*Work instruction*:
Pull out of the data below the stretch of lines bounded by the one containing "line L24 (78.74, 78.74) -> (78.74, 2.54)" and the one containing "line L2 (0, 50.8) -> (0, 120.8)", both bounds included, unchanged.

Data for analysis Block Start

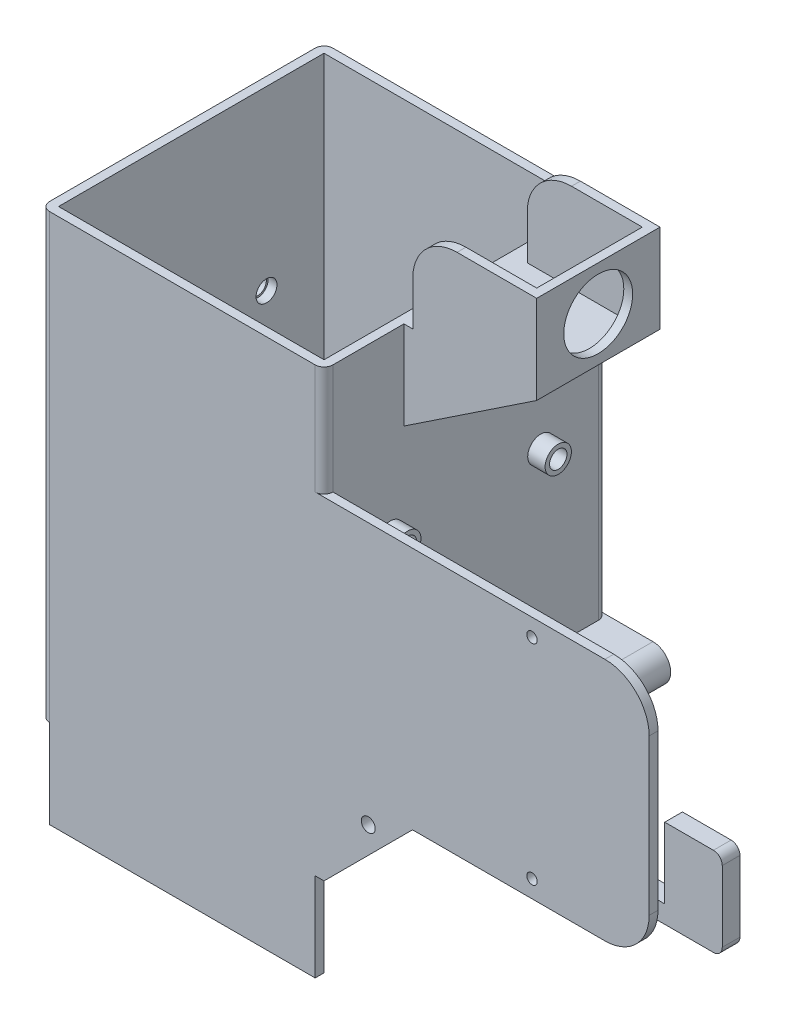
SolidWorks part; units mm, degrees
ref_plane "Front Plane" through (0, 0, 0) normal (0, 0, 1) x (1, 0, 0)
ref_plane "Top Plane" through (0, 0, 0) normal (0, 1, 0) x (1, 0, 0)
ref_plane "Right Plane" through (0, 0, 0) normal (1, 0, 0) x (0, 0, -1)
sketch "Sketch1" plane through (0, 0, 0) normal (0, 1, 0) x (1, 0, 0)
  line L1 (0, 0) -> (81.28, 0)
  line L2 (0, 0) -> (0, 81.28)
  line L3 (0, 81.28) -> (81.28, 81.28)
  line L4 (81.28, 0) -> (81.28, 81.28)
  line L5 (2.54, 2.54) -> (78.74, 2.54)
  line L6 (2.54, 2.54) -> (2.54, 78.74)
  line L7 (2.54, 78.74) -> (78.74, 78.74)
  line L8 (78.74, 2.54) -> (78.74, 78.74)
  dimension "D1" = 2.54
  dimension "D2" = 2.54
  dimension "D3" = 2.54
  dimension "D4" = 2.54
  dimension "D5" = 76.2
  dimension "D6" = 76.2
extrude "Boss-Extrude1" add sketch "Sketch1" along normal blind 177.8
sketch "Sketch2" plane through (0, 0, 0) normal (1, 0, 0) x (0, 0, -1)
  line L0 (109.0297, 38.1) -> (-23.7268, 38.1) construction
  line L1 (81.28, 0) -> (0, 0) construction
  line L2 (40.64, -8.2418) -> (40.64, 63.9342) construction
  line L3 (81.28, 177.8) -> (81.28, 0) construction
  line L5 (66.04, 0) -> (63.5, 0)
  line L6 (66.04, 0) -> (66.04, 38.1)
  line L7 (66.04, 38.1) -> (63.5, 38.1)
  line L8 (63.5, 0) -> (63.5, 38.1)
  dimension "D1" = 38.1
  dimension "D2" = 40.64
  dimension "D3" = 2.54
  dimension "D4" = 15.24
extrude "Boss-Extrude2" add sketch "Sketch2" against normal blind 25.4
sketch "Sketch3" plane through (0, 0, 0) normal (0, 0, 1) x (1, 0, 0)
  line L1 (81.28, 0) -> (78.74, 0)
  line L2 (81.28, 0) -> (81.28, 25.4)
  line L3 (81.28, 25.4) -> (78.74, 25.4)
  line L4 (78.74, 0) -> (78.74, 25.4)
  dimension "D1" = 2.54
  dimension "D2" = 25.4
extrude "Cut-Extrude1" cut sketch "Sketch3" against normal through all
sketch "Sketch7" plane through (0, 0, 0) normal (0, 0, 1) x (1, 0, 0)
  line L0 (81.28, 25.4) -> (106.68, 50.8)
  line L1 (106.68, 50.8) -> (81.28, 50.8)
  line L2 (81.28, 177.8) -> (81.28, 25.4) construction
  line L3 (81.28, 50.8) -> (81.28, 25.4)
  dimension "D1" = 45
  dimension "D2" = 25.4
extrude "Boss-Extrude3" add sketch "Sketch7" against normal blind 12.7
sketch "Sketch10" plane through (0, 0, -81.28) normal (0, 0, -1) x (-1, 0, 0)
  line L0 (-81.28, 25.4) -> (-81.28, 50.8)
  line L1 (-81.28, 177.8) -> (-81.28, 25.4) construction
  line L2 (-81.28, 50.8) -> (-106.68, 50.8)
  line L3 (-106.68, 50.8) -> (-81.28, 25.4)
  dimension "D1" = 45
  dimension "D2" = 25.4
extrude "Boss-Extrude4" add sketch "Sketch10" against normal blind 12.7
sketch "Sketch14" plane through (81.28, 0, 0) normal (1, 0, 0) x (0, 0, -1)
  line L0 (38.1, 50.8) -> (38.1, 25.4)
  line L1 (68.58, 25.4) -> (12.7, 25.4) construction
  line L2 (38.1, 25.4) -> (43.18, 25.4)
  line L3 (43.18, 25.4) -> (43.18, 50.8)
  line L4 (43.18, 50.8) -> (38.1, 50.8)
  line L5 (68.58, 50.8) -> (68.58, 25.4) construction
  dimension "D1" = 5.08
  dimension "D2" = 25.4
  dimension "D3" = 25.4
extrude "Boss-Extrude6" add sketch "Sketch14" along normal blind 76.2
sketch "Sketch16" plane through (0, 0, -38.1) normal (0, 0, 1) x (1, 0, 0)
  line L0 (157.48, 50.8) -> (81.28, 50.8) construction
  line L1 (140.97, 50.8) -> (117.84, 50.8)
  line L2 (140.97, 50.8) -> (140.97, 30.48)
  line L3 (140.97, 30.48) -> (117.84, 30.48)
  line L4 (117.84, 50.8) -> (117.84, 30.48)
  line L5 (157.48, 50.8) -> (157.48, 25.4) construction
  line L6 (157.48, 25.4) -> (81.28, 25.4) construction
  dimension "D1" = 16.51
  dimension "D2" = 23.13
  dimension "D3" = 5.08
extrude "Cut-Extrude2" cut sketch "Sketch16" against normal up to next
sketch "Sketch22" plane through (0, 0, 0) normal (0, 0, 1) x (1, 0, 0)
  line L0 (93.98, 45.72) -> (101.6, 45.72) construction
  line L1 (106.68, 50.8) -> (81.28, 50.8) construction
  line L2 (93.98, 50.8) -> (93.98, 45.72) construction
  line L4 (81.28, 25.4) -> (106.68, 50.8) construction
  circle A0 centre (93.98, 45.72) radius 2
  dimension "D3" = 4
  dimension "D1" = 5.08
  dimension "D2" = 12.7
extrude "Cut-Extrude6" cut sketch "Sketch22" against normal through all
sketch "Sketch28" plane through (81.28, 0, 0) normal (1, 0, 0) x (0, 0, -1)
  line L0 (40.64, 175.678) -> (40.64, 120.0937) construction
  line L1 (40.64, 184.0271) -> (40.64, -14.0592) construction
  line L2 (0, 177.8) -> (81.28, 177.8) construction
  line L3 (0, 177.8) -> (0, 50.8) construction
  line L5 (58.34, 177.8) -> (22.94, 177.8)
  line L6 (58.34, 177.8) -> (58.34, 127)
  line L7 (58.34, 127) -> (22.94, 127)
  line L8 (22.94, 177.8) -> (22.94, 127)
  line L9 (58.34, 177.8) -> (22.94, 127) construction
  line L10 (58.34, 127) -> (22.94, 177.8) construction
  point P8 (40.64, 109.22)
  dimension "D2" = 40.64
  dimension "D3" = 50.8
  dimension "D4" = 35.4
extrude "Boss-Extrude7" add sketch "Sketch28" along normal blind 38.1
sketch "Sketch30" plane through (0, 0, -22.94) normal (0, 0, 1) x (1, 0, 0)
  line L0 (81.28, 127) -> (119.38, 127)
  line L1 (119.38, 127) -> (119.38, 152.4)
  line L3 (119.38, 152.4) -> (81.28, 127)
  dimension "D1" = 25.4
  dimension "D2" = 33.69
extrude "Cut-Extrude8" cut sketch "Sketch30" against normal up to next
sketch "Sketch32" plane through (0, 177.8, 0) normal (0, 1, 0) x (1, 0, 0)
  line L0 (119.38, 58.34) -> (81.28, 58.34) construction
  line L1 (83.82, 55.8) -> (116.84, 55.8)
  line L2 (83.82, 55.8) -> (83.82, 25.48)
  line L3 (83.82, 25.48) -> (116.84, 25.48)
  line L4 (116.84, 55.8) -> (116.84, 25.48)
  line L5 (83.82, 55.8) -> (116.84, 25.48) construction
  line L6 (83.82, 25.48) -> (116.84, 55.8) construction
  line L7 (119.38, 58.34) -> (119.38, 22.94) construction
  line L8 (119.38, 22.94) -> (81.28, 22.94) construction
  line L9 (81.28, 58.34) -> (81.28, 81.28) construction
  point P0 (100.33, 40.64)
  dimension "D1" = 2.54
  dimension "D2" = 2.54
  dimension "D3" = 2.54
  dimension "D4" = 2.54
extrude "Cut-Extrude9" cut sketch "Sketch32" against normal blind 25.4
sketch "Sketch34" plane through (119.38, 0, 0) normal (1, 0, 0) x (0, 0, -1)
  line L0 (40.593, 147.7754) -> (40.593, 78.4323) construction
  line L1 (11.6001, 165.1) -> (93.4551, 165.1) construction
  line L2 (22.94, 177.8) -> (22.94, 152.4) construction
  line L3 (58.34, 177.8) -> (22.94, 177.8) construction
  circle A0 centre (40.593, 165.1) radius 9.89
  dimension "D3" = 19.78
  dimension "D1" = 17.653
  dimension "D2" = 12.7
extrude "Cut-Extrude13" cut sketch "Sketch34" against normal up to surface (40.64 mm away) up to face at (78.74, 101.6, -40.64)
sketch "Sketch37" plane through (0, 0, -63.5) normal (0, 0, 1) x (1, 0, 0)
  line L0 (-25.4, 38.1) -> (0, 38.1)
  line L1 (0, 38.1) -> (0, 52.7647)
  line L2 (0, 52.7647) -> (-25.4, 38.1)
  dimension "D1" = 30
extrude "Boss-Extrude9" add sketch "Sketch37" against normal up to surface (2.54 mm away) up to face at (-12.7, 19.05, -66.04)
sketch "Sketch38" plane through (0, 0, 0) normal (0, 0, 1) x (1, 0, 0)
  line L1 (0, 0) -> (2.54, 0)
  line L2 (0, 0) -> (0, 25.4)
  line L3 (0, 25.4) -> (2.54, 25.4)
  line L4 (2.54, 0) -> (2.54, 25.4)
  dimension "D1" = 25.4
  dimension "D2" = 2.54
extrude "Cut-Extrude15" cut sketch "Sketch38" against normal up to surface (63.5 mm away) up to face at (-12.7, 22.7162, -63.5)
sketch "Sketch40" plane through (81.28, 0, 0) normal (1, 0, 0) x (0, 0, -1)
  line L0 (-23.3344, 101.6) -> (103.8421, 101.6) construction
  line L1 (38.1, 25.4) -> (12.7, 25.4) construction
  line L2 (19.05, 177.8) -> (19.05, 25.4) construction
  line L3 (62.23, 177.8) -> (62.23, 25.4) construction
  line L6 (0, 177.8) -> (0, 50.8) construction
  line L7 (81.28, 177.8) -> (81.28, 50.8) construction
  line L8 (0, 177.8) -> (22.94, 177.8) construction
  line L9 (58.34, 177.8) -> (81.28, 177.8) construction
  line L10 (68.58, 25.4) -> (43.18, 25.4) construction
  circle A0 centre (19.05, 101.6) radius 3
  circle A1 centre (62.23, 101.6) radius 3
  dimension "D4" = 6
  dimension "D5" = 6
  dimension "D1" = 76.2
  dimension "D2" = 19.05
  dimension "D3" = 19.05
extrude "Cut-Extrude17" cut sketch "Sketch40" against normal up to surface (81.28 mm away) up to face at (0, 63.9912, -52.705)
sketch "Sketch41" plane through (81.28, 0, 0) normal (1, 0, 0) x (0, 0, -1)
  circle A0 centre (19.05, 101.6) radius 3.77
  circle A1 centre (19.05, 101.6) radius 2.5
  circle A2 centre (62.23, 101.6) radius 3.77
  circle A4 centre (62.23, 101.6) radius 2.5
  dimension "D1" = 1.27
  dimension "D2" = 1.27
extrude "Boss-Extrude10" add sketch "Sketch41" along normal blind 5
sketch "Sketch42" plane through (0, 0, 0) normal (-1, 0, 0) x (0, 0, 1)
  circle A0 centre (-62.23, 101.6) radius 2.5
  circle A1 centre (-62.23, 101.6) radius 3.77
  circle A2 centre (-19.05, 101.6) radius 2.5
  circle A3 centre (-19.05, 101.6) radius 3.77
  dimension "D1" = 1.27
  dimension "D2" = 1.27
extrude "Boss-Extrude11" add sketch "Sketch42" along normal blind 5
sketch "Sketch43" plane through (0, 177.8, 0) normal (0, 1, 0) x (1, 0, 0)
  line L1 (83.82, 58.34) -> (83.82, 22.94)
  line L3 (78.74, 2.54) -> (2.54, 2.54)
  line L4 (2.54, 2.54) -> (78.74, 2.54) construction
  line L5 (2.54, 2.54) -> (2.54, 78.74)
  line L6 (2.54, 78.74) -> (78.74, 78.74)
  line L11 (81.28, 81.28) -> (0, 81.28)
  line L12 (0, 81.28) -> (0, 0)
  line L13 (0, 0) -> (81.28, 0)
  line L19 (81.28, 81.28) -> (81.28, 58.34)
  line L21 (81.28, 58.34) -> (83.82, 58.34)
  line L22 (81.28, 0) -> (81.28, 22.94)
  line L23 (81.28, 22.94) -> (83.82, 22.94)
  line L24 (78.74, 78.74) -> (78.74, 2.54)
  line L25 (83.82, 55.8) -> (83.82, 25.48) construction
  line L26 (119.38, 22.94) -> (81.28, 22.94) construction
  line L27 (81.28, 81.28) -> (0, 81.28) construction
extrude "Cut-Extrude20" cut sketch "Sketch43" against normal blind 25.4
sketch "Sketch44" plane through (0, 0, 0) normal (0, 0, 1) x (1, 0, 0)
  line L0 (0, 152.4) -> (0, 25.4) construction
  line L1 (0, 50.8) -> (174.6, 50.8)
  line L2 (0, 50.8) -> (0, 120.8)
  line L3 (0, 120.8) -> (174.6, 120.8)
  line L4 (174.6, 50.8) -> (174.6, 120.8)
  line L5 (106.68, 50.8) -> (81.28, 50.8) construction
  line L6 (-25.4, 38.1) -> (-25.4, 0) construction
  line L7 (140.97, 50.8) -> (140.97, 120.8) construction
  line L8 (140.97, 30.48) -> (140.97, 50.8) construction
  circle A0 centre (140.97, 115.8) radius 1.5
  circle A1 centre (140.97, 55.8) radius 1.5
  dimension "D3" = 3
  dimension "D1" = 200
  dimension "D2" = 70
  dimension "D4" = 60
  dimension "D5" = 5
extrude "Boss-Extrude12" add sketch "Sketch44" against normal blind 2.54
fillet "Fillet1" radius 5.08 2 edges at (106.68, 50.8, -7.62) (106.68, 50.8, -74.93)
fillet "Fillet2" radius 12.7 2 edges at (174.6, 120.8, -1.27) (174.6, 50.8, -1.27)
fillet "Fillet3" radius 2.54 2 edges at (157.48, 50.8, -40.64) (157.48, 25.4, -40.64)
fillet "Fillet7" radius 12.7 1 edges at (-25.4, 38.1, -64.77)
fillet "Fillet9" radius 12.7 2 edges at (83.82, 177.8, -24.21) (83.82, 177.8, -57.07)
sketch "Sketch53" plane through (0, 0, 0) normal (0, -1, 0) x (-1, 0, 0)
  line L0 (-35.6591, 81.28) -> (-35.6591, 78.74)
  line L1 (-78.74, 81.28) -> (0, 81.28) construction
  line L2 (-78.74, 78.74) -> (-2.54, 78.74) construction
  line L3 (-35.6591, 78.74) -> (-45.72, 78.74)
  line L4 (-45.72, 78.74) -> (-45.72, 111.76)
  line L5 (-45.72, 111.76) -> (-15.24, 111.76)
  line L6 (-15.24, 111.76) -> (-15.24, 106.68)
  line L7 (-15.24, 106.68) -> (-40.64, 106.68)
  line L8 (-40.64, 106.68) -> (-40.64, 81.28)
  line L9 (-40.64, 81.28) -> (-35.6591, 81.28)
  line L12 (-81.28, 81.28) -> (-81.28, 96.103) construction
  line L13 (0, 81.28) -> (0, 96.103) construction
  dimension "D1" = 25.4
  dimension "D2" = 5.08
  dimension "D3" = 5.08
  dimension "D4" = 25.4
  dimension "D5" = 40.64
extrude "Boss-Extrude20" add sketch "Sketch53" against normal blind 88.9
sketch "Sketch54" plane through (0, 0, -111.76) normal (0, 0, -1) x (-1, 0, 0)
  line L0 (-30.48, 0) -> (-30.48, 88.9) construction
  line L1 (-15.24, 0) -> (-45.72, 0) construction
  line L2 (-15.24, 88.9) -> (-45.72, 88.9) construction
  circle A0 centre (-30.48, 76.2) radius 2.5
  circle A1 centre (-30.48, 44.45) radius 2.5
  circle A2 centre (-30.48, 12.7) radius 2.5
  dimension "D1" = 5
  dimension "D2" = 5
  dimension "D3" = 5
  dimension "D4" = 12.7
  dimension "D5" = 12.7
  dimension "D6" = 44.45
extrude "Cut-Extrude21" cut sketch "Sketch54" against normal up to next
fillet "Fillet11" radius 2.54 4 edges at (15.24, 44.45, -111.76) (15.24, 88.9, -109.22) (15.24, 44.45, -106.68) (15.24, 0, -109.22)
fillet "Fillet12" radius 2.54 4 edges at (81.28, 136.6, 0) (81.28, 101.6, -81.28) (0, 76.2, -81.28) (0, 88.9, 0)

Data for analysis Block End

*Your response*:
  line L24 (78.74, 78.74) -> (78.74, 2.54)
  line L25 (83.82, 55.8) -> (83.82, 25.48) construction
  line L26 (119.38, 22.94) -> (81.28, 22.94) construction
  line L27 (81.28, 81.28) -> (0, 81.28) construction
extrude "Cut-Extrude20" cut sketch "Sketch43" against normal blind 25.4
sketch "Sketch44" plane through (0, 0, 0) normal (0, 0, 1) x (1, 0, 0)
  line L0 (0, 152.4) -> (0, 25.4) construction
  line L1 (0, 50.8) -> (174.6, 50.8)
  line L2 (0, 50.8) -> (0, 120.8)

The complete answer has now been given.